Sunday, December 23, 2012

Book Reveals that "Rape of Lucretia" was Censored

Christopher Maltman (L) and Nathan Gunn (R) in Rape of Lucretia
Censorship in opera is not a 20th century phenomenon, as masters like Giuseppe Verdi saw some of their greatest operas altered by the moralists and political watchdogs of the day. Verdi ran afoul of both the religious and political entities of his time, perhaps most famously in Un Ballo in Maschera, with the offense being the assassination of a king.

Rigoletto would never have been produced had Verdi not changed the prostitute-loving King Francis I of Victor Hugo’s Le roi s’amuse to the Duke of Mantua in Rigoletto. Rather than the Duke being killed, Verdi ends up killing Gilda.

La Forza del Destino, Luisa Miller and La Traviata were all famously altered after the censors weighed in.

Michael Krzankowski in Seattle
It should come as no surprise that Benjamin Britten was also the victim of the censors. He not only dealt with issues like the injustices of war, but dealt with homosexuality and even pedophilia, topics that were taboo in England at the time. Don't forget that it wasn't much earlier that Oscar Wilde was imprisoned for "gross indecency" and for being a sodomite.

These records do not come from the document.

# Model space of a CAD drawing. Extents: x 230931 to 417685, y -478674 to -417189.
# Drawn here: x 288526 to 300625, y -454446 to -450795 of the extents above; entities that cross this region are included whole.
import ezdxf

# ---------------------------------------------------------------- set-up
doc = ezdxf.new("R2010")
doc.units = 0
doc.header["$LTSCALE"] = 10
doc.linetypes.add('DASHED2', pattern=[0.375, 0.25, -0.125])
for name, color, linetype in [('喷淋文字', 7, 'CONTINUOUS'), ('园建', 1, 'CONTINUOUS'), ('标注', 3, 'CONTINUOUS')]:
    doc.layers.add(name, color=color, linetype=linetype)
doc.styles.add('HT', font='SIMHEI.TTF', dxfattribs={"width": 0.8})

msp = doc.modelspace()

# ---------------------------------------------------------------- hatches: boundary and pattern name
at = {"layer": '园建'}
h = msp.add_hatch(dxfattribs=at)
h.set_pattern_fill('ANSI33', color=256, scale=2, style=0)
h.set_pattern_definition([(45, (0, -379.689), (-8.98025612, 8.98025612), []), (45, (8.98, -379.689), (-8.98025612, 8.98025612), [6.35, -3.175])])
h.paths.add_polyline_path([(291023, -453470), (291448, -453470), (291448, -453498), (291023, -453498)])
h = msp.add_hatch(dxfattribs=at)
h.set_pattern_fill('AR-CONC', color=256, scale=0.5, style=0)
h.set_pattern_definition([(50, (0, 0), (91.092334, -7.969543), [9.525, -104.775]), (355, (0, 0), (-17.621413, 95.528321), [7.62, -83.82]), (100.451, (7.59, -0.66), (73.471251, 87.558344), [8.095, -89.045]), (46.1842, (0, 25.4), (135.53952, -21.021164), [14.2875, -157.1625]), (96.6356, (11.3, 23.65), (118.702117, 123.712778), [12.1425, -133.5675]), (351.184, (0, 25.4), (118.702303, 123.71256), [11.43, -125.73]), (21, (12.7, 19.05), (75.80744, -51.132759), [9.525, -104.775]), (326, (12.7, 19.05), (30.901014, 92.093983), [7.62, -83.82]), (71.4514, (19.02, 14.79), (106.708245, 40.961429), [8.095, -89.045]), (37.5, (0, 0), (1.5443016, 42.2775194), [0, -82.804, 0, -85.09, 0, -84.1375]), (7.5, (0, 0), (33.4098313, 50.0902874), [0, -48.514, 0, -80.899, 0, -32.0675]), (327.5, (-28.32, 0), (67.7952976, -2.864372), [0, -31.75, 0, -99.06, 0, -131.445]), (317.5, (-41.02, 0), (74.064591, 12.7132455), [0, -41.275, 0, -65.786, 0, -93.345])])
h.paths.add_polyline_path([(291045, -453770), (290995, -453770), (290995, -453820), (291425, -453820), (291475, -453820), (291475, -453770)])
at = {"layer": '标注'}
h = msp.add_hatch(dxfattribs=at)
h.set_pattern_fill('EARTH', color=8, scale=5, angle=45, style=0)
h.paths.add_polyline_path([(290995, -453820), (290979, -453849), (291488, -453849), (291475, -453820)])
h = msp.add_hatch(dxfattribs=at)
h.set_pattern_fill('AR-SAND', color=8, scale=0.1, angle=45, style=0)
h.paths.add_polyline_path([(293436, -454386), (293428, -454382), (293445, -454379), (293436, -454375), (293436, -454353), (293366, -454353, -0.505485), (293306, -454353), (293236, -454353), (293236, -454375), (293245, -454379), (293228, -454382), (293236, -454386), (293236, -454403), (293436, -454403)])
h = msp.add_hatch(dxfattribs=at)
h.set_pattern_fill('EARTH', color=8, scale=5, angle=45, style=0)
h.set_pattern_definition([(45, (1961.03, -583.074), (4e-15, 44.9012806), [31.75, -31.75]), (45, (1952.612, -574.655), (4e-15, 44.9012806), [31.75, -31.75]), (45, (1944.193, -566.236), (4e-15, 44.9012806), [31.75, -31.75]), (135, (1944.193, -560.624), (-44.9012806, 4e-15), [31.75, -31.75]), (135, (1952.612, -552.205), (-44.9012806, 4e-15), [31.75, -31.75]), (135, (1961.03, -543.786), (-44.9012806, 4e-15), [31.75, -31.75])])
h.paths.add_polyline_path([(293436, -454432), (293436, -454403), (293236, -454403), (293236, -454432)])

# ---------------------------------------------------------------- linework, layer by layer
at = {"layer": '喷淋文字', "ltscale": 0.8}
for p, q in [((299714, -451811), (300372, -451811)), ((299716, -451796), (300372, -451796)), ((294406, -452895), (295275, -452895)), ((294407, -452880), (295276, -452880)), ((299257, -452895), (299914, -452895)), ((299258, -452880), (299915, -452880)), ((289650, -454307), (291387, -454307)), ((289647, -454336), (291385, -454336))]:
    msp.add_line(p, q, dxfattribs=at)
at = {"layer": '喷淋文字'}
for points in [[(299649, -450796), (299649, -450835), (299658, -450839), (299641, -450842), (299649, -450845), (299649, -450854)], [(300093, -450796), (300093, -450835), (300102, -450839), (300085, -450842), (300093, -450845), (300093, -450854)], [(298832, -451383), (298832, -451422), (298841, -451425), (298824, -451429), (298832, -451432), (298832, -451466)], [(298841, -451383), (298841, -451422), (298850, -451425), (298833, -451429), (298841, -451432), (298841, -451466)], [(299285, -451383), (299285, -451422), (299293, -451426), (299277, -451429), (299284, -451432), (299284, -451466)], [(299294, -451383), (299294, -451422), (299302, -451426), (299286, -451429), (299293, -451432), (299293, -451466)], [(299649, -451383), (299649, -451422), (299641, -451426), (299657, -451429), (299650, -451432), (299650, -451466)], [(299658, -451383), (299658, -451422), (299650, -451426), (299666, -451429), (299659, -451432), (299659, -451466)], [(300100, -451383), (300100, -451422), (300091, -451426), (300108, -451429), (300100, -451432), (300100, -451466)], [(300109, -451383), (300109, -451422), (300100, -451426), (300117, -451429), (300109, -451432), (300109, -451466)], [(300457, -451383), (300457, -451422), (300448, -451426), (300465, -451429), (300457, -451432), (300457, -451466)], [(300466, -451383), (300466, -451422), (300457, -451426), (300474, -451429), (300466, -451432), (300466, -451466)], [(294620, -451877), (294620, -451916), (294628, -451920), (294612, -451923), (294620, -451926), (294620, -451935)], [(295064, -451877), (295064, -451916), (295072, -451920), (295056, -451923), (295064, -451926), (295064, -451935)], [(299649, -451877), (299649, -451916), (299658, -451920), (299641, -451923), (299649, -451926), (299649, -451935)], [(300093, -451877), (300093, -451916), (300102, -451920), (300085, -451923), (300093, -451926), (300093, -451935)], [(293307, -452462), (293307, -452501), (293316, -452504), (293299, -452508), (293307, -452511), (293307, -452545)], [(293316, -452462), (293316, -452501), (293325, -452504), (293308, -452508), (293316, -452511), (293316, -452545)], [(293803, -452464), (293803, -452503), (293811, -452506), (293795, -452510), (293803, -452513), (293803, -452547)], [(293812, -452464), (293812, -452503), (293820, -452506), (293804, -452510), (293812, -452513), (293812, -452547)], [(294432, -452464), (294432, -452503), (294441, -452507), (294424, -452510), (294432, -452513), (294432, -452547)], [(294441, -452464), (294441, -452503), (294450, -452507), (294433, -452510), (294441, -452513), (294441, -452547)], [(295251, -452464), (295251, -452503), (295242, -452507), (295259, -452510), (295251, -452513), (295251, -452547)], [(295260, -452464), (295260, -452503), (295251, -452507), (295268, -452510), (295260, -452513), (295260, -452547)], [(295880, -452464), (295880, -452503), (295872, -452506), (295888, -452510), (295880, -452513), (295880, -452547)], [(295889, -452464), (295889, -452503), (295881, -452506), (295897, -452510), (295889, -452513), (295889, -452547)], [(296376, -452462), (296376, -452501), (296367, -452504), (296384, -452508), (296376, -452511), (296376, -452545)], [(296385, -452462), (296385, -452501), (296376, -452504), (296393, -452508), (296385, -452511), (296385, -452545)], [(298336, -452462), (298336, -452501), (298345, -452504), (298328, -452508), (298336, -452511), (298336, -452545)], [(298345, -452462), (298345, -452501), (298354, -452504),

A new book on Benjamin Britten by Paul Kildea, a conductor and expert on the composer, has now revealed that his opera "The Rape of Lucretia" was altered by the censors. The most notable line was the changing of the following lines:

Male Chorus: “He takes her hand/And places it upon his unsheathed sword.”
Female Chorus: “Thus wounding her with an equal lust/A wound only his sword can heal”.
These lines were changed to the far less poetic:
“Tarquinius – 'Poised like a dart’/Lucretia – 'At the heart of woman’/Male Chorus – 'Man climbs towards his God’/ Female Chorus: 'Then falls to his lonely hell’.” 
Amazingly, Britten's "Peter Grimes," which deals with the mysterious disappearance of young boys at the hands of a sailor, made it past the censors. However, the censors did make this comment:
“It is all very wafty and nebulous and I don’t pretend I can make sense of the plot from the verses, but there is no offence in them or in the production. Perhaps Benjamin Britten’s music will carry it through.”